Sebuah langkah kaki yang berat dan berwibawa memecah kesunyian. Bram. Pria itu melangkah masuk dengan setelan jas hitam yang membalut tubuhnya dengan presisi yang mematikan. Matanya yang tajam langsung mengunci Arini, lalu beralih ke Baskoro dengan tatapan yang membuat sang Direktur mundur selangkah.
"Apa yang sedang terjadi di sini, Baskoro?" Suara Bram rendah, namun cukup kuat untuk menggetarkan isi ruangan.
"Bram… Pak Bram, saya hanya sedang menertibkan karyawan yang tidak jujur," gagap Baskoro, mencoba menyembunyikan kegugupannya di balik senyum palsu.
Bram tidak memedulikan alasan itu. Ia berjalan mendekati Arini, lalu tanpa ragu meraih pinggang wanita itu dan menariknya ke dalam pelukan yang terasa seperti sangkar. "Karyawan? Anda bicara tentang tunangan saya?"
Seluruh ballroom mendadak riuh. Arini menahan napas, menatap Bram dengan keterkejutan yang nyata. Pria ini—pria yang lima tahun lalu ia tinggalkan tanpa jejak—kini berdiri di sini, mengklaimnya sebagai milik di depan orang-orang yang ingin menghancurkannya.
Bram membawa Arini menjauh dari kerumunan, menuju sudut privat di dekat jendela besar yang menghadap lampu kota. "Jangan berterima kasih dulu," bisik Bram saat mereka sudah cukup jauh dari pendengaran orang lain. "Aku tidak menyelamatkanmu karena aku peduli. Aku melakukannya karena aku butuh seseorang yang bisa aku kendalikan untuk menutupi skandal pertunangan palsu yang sedang kubangun."
"Aku tidak akan menjadi pionmu, Bram," desis Arini, mencoba melepaskan diri.
Bram mencengkeram lengannya, tidak kasar namun tidak membiarkannya pergi. "Kau tidak punya pilihan. Aku memiliki data yang membuktikan bahwa Baskoro memanipulasi aksesmu. Aku bisa membersihkan namamu dalam satu malam, atau membiarkanmu hancur di sini dan melihat bagaimana rumah sakit itu mengusir anakmu besok pagi."
Arini membeku. Darahnya seolah berhenti mengalir. "Bagaimana kau tahu tentang..."
Bram menarik Arini lebih dekat, membuat jarak di antara mereka lenyap.

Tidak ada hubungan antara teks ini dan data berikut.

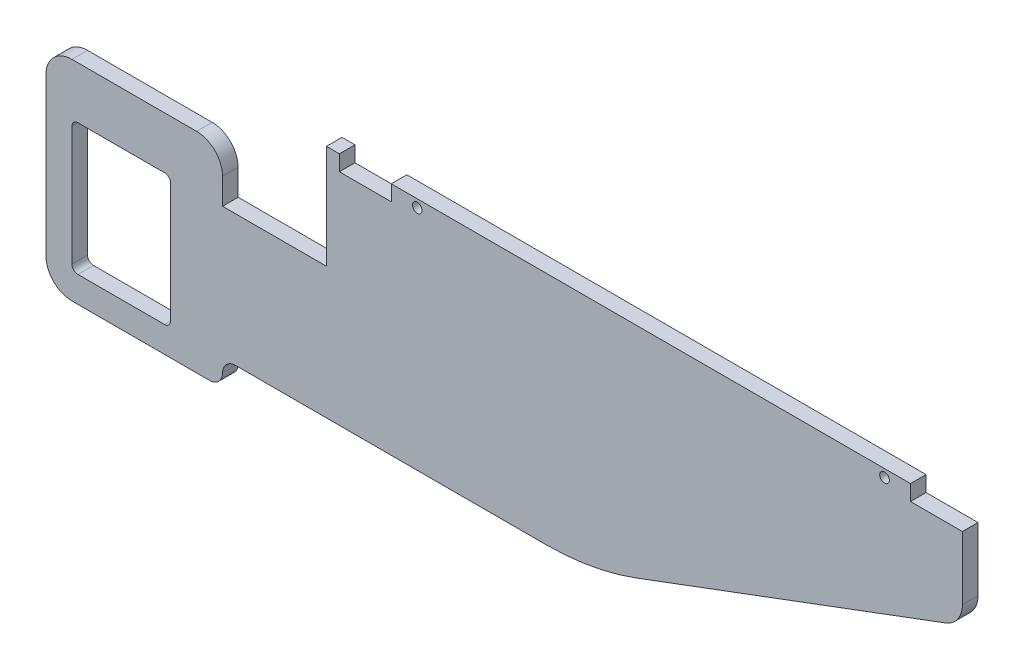
ISO-10303-21;
HEADER;
FILE_DESCRIPTION(('STEP AP214'),'2;1');
FILE_NAME('part.step','',(''),(''),'','','');
FILE_SCHEMA(('AUTOMOTIVE_DESIGN { 1 0 10303 214 1 1 1 1 }'));
ENDSEC;
DATA;
#1=APPLICATION_CONTEXT('core data for automotive mechanical design processes');
#2=APPLICATION_PROTOCOL_DEFINITION('international standard','automotive_design',2000,#1);
#3=PRODUCT_CONTEXT('',#1,'mechanical');
#4=PRODUCT('Part','Part','',(#3));
#5=PRODUCT_RELATED_PRODUCT_CATEGORY('part','',(#4));
#6=PRODUCT_DEFINITION_FORMATION('','',#4);
#7=PRODUCT_DEFINITION_CONTEXT('part definition',#1,'design');
#8=PRODUCT_DEFINITION('design','',#6,#7);
#9=PRODUCT_DEFINITION_SHAPE('','',#8);
#10=(LENGTH_UNIT() NAMED_UNIT(*) SI_UNIT(.MILLI.,.METRE.));
#11=(NAMED_UNIT(*) PLANE_ANGLE_UNIT() SI_UNIT($,.RADIAN.));
#12=(NAMED_UNIT(*) SI_UNIT($,.STERADIAN.) SOLID_ANGLE_UNIT());
#13=UNCERTAINTY_MEASURE_WITH_UNIT(LENGTH_MEASURE(1.E-05),#10,'distance_accuracy_value','');
#14=(GEOMETRIC_REPRESENTATION_CONTEXT(3) GLOBAL_UNCERTAINTY_ASSIGNED_CONTEXT((#13)) GLOBAL_UNIT_ASSIGNED_CONTEXT((#10,
#11,#12)) REPRESENTATION_CONTEXT('',''));
#15=CARTESIAN_POINT('',(0.,0.,0.));
#16=DIRECTION('',(0.,0.,1.));
#17=DIRECTION('',(1.,0.,0.));
#18=AXIS2_PLACEMENT_3D('',#15,#16,#17);
#19=CARTESIAN_POINT('',(323.,84.6,6.));
#20=DIRECTION('',(0.,0.,-1.));
#21=DIRECTION('',(-1.,0.,0.));
#22=AXIS2_PLACEMENT_3D('',#19,#20,#21);
#23=PLANE('',#22);
#24=CARTESIAN_POINT('',(133.,87.6,6.));
#25=DIRECTION('',(0.,0.,1.));
#26=DIRECTION('',(1.,0.,0.));
#27=AXIS2_PLACEMENT_3D('',#24,#25,#26);
#28=CIRCLE('',#27,1.85999999999999);
#29=CARTESIAN_POINT('',(134.86,87.6,6.));
#30=VERTEX_POINT('',#29);
#31=EDGE_CURVE('E306',#30,#30,#28,.T.);
#32=ORIENTED_EDGE('',*,*,#31,.F.);
#33=EDGE_LOOP('',(#32));
#34=FACE_BOUND('',#33,.T.);
#35=DIRECTION('',(1.,0.,0.));
#36=VECTOR('',#35,1.);
#37=CARTESIAN_POINT('',(58.,0.,6.));
#38=LINE('',#37,#36);
#39=CARTESIAN_POINT('',(63.,0.,6.));
#40=VERTEX_POINT('',#39);
#41=CARTESIAN_POINT('',(182.508323938548,0.,6.));
#42=VERTEX_POINT('',#41);
#43=EDGE_CURVE('E348',#40,#42,#38,.T.);
#44=ORIENTED_EDGE('',*,*,#43,.T.);
#45=CARTESIAN_POINT('',(182.508323938548,100.,6.));
#46=DIRECTION('',(0.,0.,-1.));
#47=DIRECTION('',(-1.,0.,0.));
#48=AXIS2_PLACEMENT_3D('',#45,#46,#47);
#49=CIRCLE('',#48,100.);
#50=CARTESIAN_POINT('',(217.544898349511,6.33870354546107,6.));
#51=VERTEX_POINT('',#50);
#52=EDGE_CURVE('E11',#42,#51,#49,.F.);
#53=ORIENTED_EDGE('',*,*,#52,.T.);
#54=DIRECTION('',(0.93661296454539,0.350365744109633,0.));
#55=VECTOR('',#54,1.);
#56=CARTESIAN_POINT('',(200.6,0.,6.));
#57=LINE('',#56,#55);
#58=CARTESIAN_POINT('',(336.503657441096,50.8384870475096,6.));
#59=VERTEX_POINT('',#58);
#60=EDGE_CURVE('E350',#51,#59,#57,.T.);
#61=ORIENTED_EDGE('',*,*,#60,.T.);
#62=CARTESIAN_POINT('',(333.,60.2046166929635,6.));
#63=DIRECTION('',(0.,0.,-1.));
#64=DIRECTION('',(-1.,0.,0.));
#65=AXIS2_PLACEMENT_3D('',#62,#63,#64);
#66=CIRCLE('',#65,10.);
#67=CARTESIAN_POINT('',(343.,60.2046166929635,6.));
#68=VERTEX_POINT('',#67);
#69=EDGE_CURVE('E443',#59,#68,#66,.F.);
#70=ORIENTED_EDGE('',*,*,#69,.T.);
#71=DIRECTION('',(0.,1.,0.));
#72=VECTOR('',#71,1.);
#73=CARTESIAN_POINT('',(343.,84.5999999999999,6.));
#74=LINE('',#73,#72);
#75=CARTESIAN_POINT('',(343.,84.5999999999999,6.));
#76=VERTEX_POINT('',#75);
#77=EDGE_CURVE('E352',#68,#76,#74,.T.);
#78=ORIENTED_EDGE('',*,*,#77,.T.);
#79=DIRECTION('',(-1.,0.,0.));
#80=VECTOR('',#79,1.);
#81=CARTESIAN_POINT('',(343.,84.5999999999999,6.));
#82=LINE('',#81,#80);
#83=CARTESIAN_POINT('',(323.,84.6,6.));
#84=VERTEX_POINT('',#83);
#85=EDGE_CURVE('E354',#76,#84,#82,.T.);
#86=ORIENTED_EDGE('',*,*,#85,.T.);
#87=DIRECTION('',(0.,1.,0.));
#88=VECTOR('',#87,1.);
#89=CARTESIAN_POINT('',(323.,90.6,6.));
#90=LINE('',#89,#88);
#91=CARTESIAN_POINT('',(323.,90.6,6.));
#92=VERTEX_POINT('',#91);
#93=EDGE_CURVE('E318',#84,#92,#90,.T.);
#94=ORIENTED_EDGE('',*,*,#93,.T.);
#95=DIRECTION('',(-1.,0.,0.));
#96=VECTOR('',#95,1.);
#97=CARTESIAN_POINT('',(123.,90.6,6.));
#98=LINE('',#97,#96);
#99=CARTESIAN_POINT('',(123.,90.6,6.));
#100=VERTEX_POINT('',#99);
#101=EDGE_CURVE('E321',#92,#100,#98,.T.);
#102=ORIENTED_EDGE('',*,*,#101,.T.);
#103=DIRECTION('',(0.,-1.,0.));
#104=VECTOR('',#103,1.);
#105=CARTESIAN_POINT('',(123.,90.6,6.));
#106=LINE('',#105,#104);
#107=CARTESIAN_POINT('',(123.,84.5999999999999,6.));
#108=VERTEX_POINT('',#107);
#109=EDGE_CURVE('E324',#100,#108,#106,.T.);
#110=ORIENTED_EDGE('',*,*,#109,.T.);
#111=DIRECTION('',(-1.,0.,0.));
#112=VECTOR('',#111,1.);
#113=CARTESIAN_POINT('',(103.,84.5999999999999,6.));
#114=LINE('',#113,#112);
#115=CARTESIAN_POINT('',(103.,84.5999999999999,6.));
#116=VERTEX_POINT('',#115);
#117=EDGE_CURVE('E326',#108,#116,#114,.T.);
#118=ORIENTED_EDGE('',*,*,#117,.T.);
#119=DIRECTION('',(0.,1.,0.));
#120=VECTOR('',#119,1.);
#121=CARTESIAN_POINT('',(103.,90.6,6.));
#122=LINE('',#121,#120);
#123=CARTESIAN_POINT('',(103.,90.6,6.));
#124=VERTEX_POINT('',#123);
#125=EDGE_CURVE('E328',#116,#124,#122,.T.);
#126=ORIENTED_EDGE('',*,*,#125,.T.);
#127=DIRECTION('',(-1.,0.,0.));
#128=VECTOR('',#127,1.);
#129=CARTESIAN_POINT('',(98.,90.6,6.));
#130=LINE('',#129,#128);
#131=CARTESIAN_POINT('',(98.,90.6,6.));
#132=VERTEX_POINT('',#131);
#133=EDGE_CURVE('E330',#124,#132,#130,.T.);
#134=ORIENTED_EDGE('',*,*,#133,.T.);
#135=DIRECTION('',(0.,-1.,0.));
#136=VECTOR('',#135,1.);
#137=CARTESIAN_POINT('',(98.,90.6,6.));
#138=LINE('',#137,#136);
#139=CARTESIAN_POINT('',(98.,50.6,6.));
#140=VERTEX_POINT('',#139);
#141=EDGE_CURVE('E332',#132,#140,#138,.T.);
#142=ORIENTED_EDGE('',*,*,#141,.T.);
#143=DIRECTION('',(-1.,0.,0.));
#144=VECTOR('',#143,1.);
#145=CARTESIAN_POINT('',(58.,50.6,6.));
#146=LINE('',#145,#144);
#147=CARTESIAN_POINT('',(58.,50.6,6.));
#148=VERTEX_POINT('',#147);
#149=EDGE_CURVE('E334',#140,#148,#146,.T.);
#150=ORIENTED_EDGE('',*,*,#149,.T.);
#151=DIRECTION('',(0.,1.,0.));
#152=VECTOR('',#151,1.);
#153=CARTESIAN_POINT('',(58.,58.4408840872774,6.));
#154=LINE('',#153,#152);
#155=CARTESIAN_POINT('',(58.,60.6,6.));
#156=VERTEX_POINT('',#155);
#157=EDGE_CURVE('E336',#148,#156,#154,.T.);
#158=ORIENTED_EDGE('',*,*,#157,.T.);
#159=CARTESIAN_POINT('',(48.,60.6,6.));
#160=DIRECTION('',(0.,0.,-1.));
#161=DIRECTION('',(-1.,0.,0.));
#162=AXIS2_PLACEMENT_3D('',#159,#160,#161);
#163=CIRCLE('',#162,10.);
#164=CARTESIAN_POINT('',(48.,70.6,6.));
#165=VERTEX_POINT('',#164);
#166=EDGE_CURVE('E437',#156,#165,#163,.F.);
#167=ORIENTED_EDGE('',*,*,#166,.T.);
#168=DIRECTION('',(-1.,0.,0.));
#169=VECTOR('',#168,1.);
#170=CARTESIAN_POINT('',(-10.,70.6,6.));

Ia membungkuk, bibirnya menyentuh telinga Arini, membisikkan ancaman yang paling ia takuti. "Aku tahu segalanya, Arini. Tentang apartemen sederhana di pinggiran Jakarta, tentang jadwal obatnya, dan tentang wajah yang kau sembunyikan dari dunia selama lima tahun ini. Jadi, kau akan tetap di sisiku sebagai tunanganku, atau aku akan memastikan kau tidak pernah melihatnya lagi."
Arini menatap mata Bram, mencari setitik belas kasih, namun yang ia temukan hanyalah predator yang sedang mengunci mangsanya. Ia terjebak. Bukan hanya oleh skandal kantor, tapi oleh rahasia yang kini menjadi sandera di tangan pria yang paling ingin ia hindari.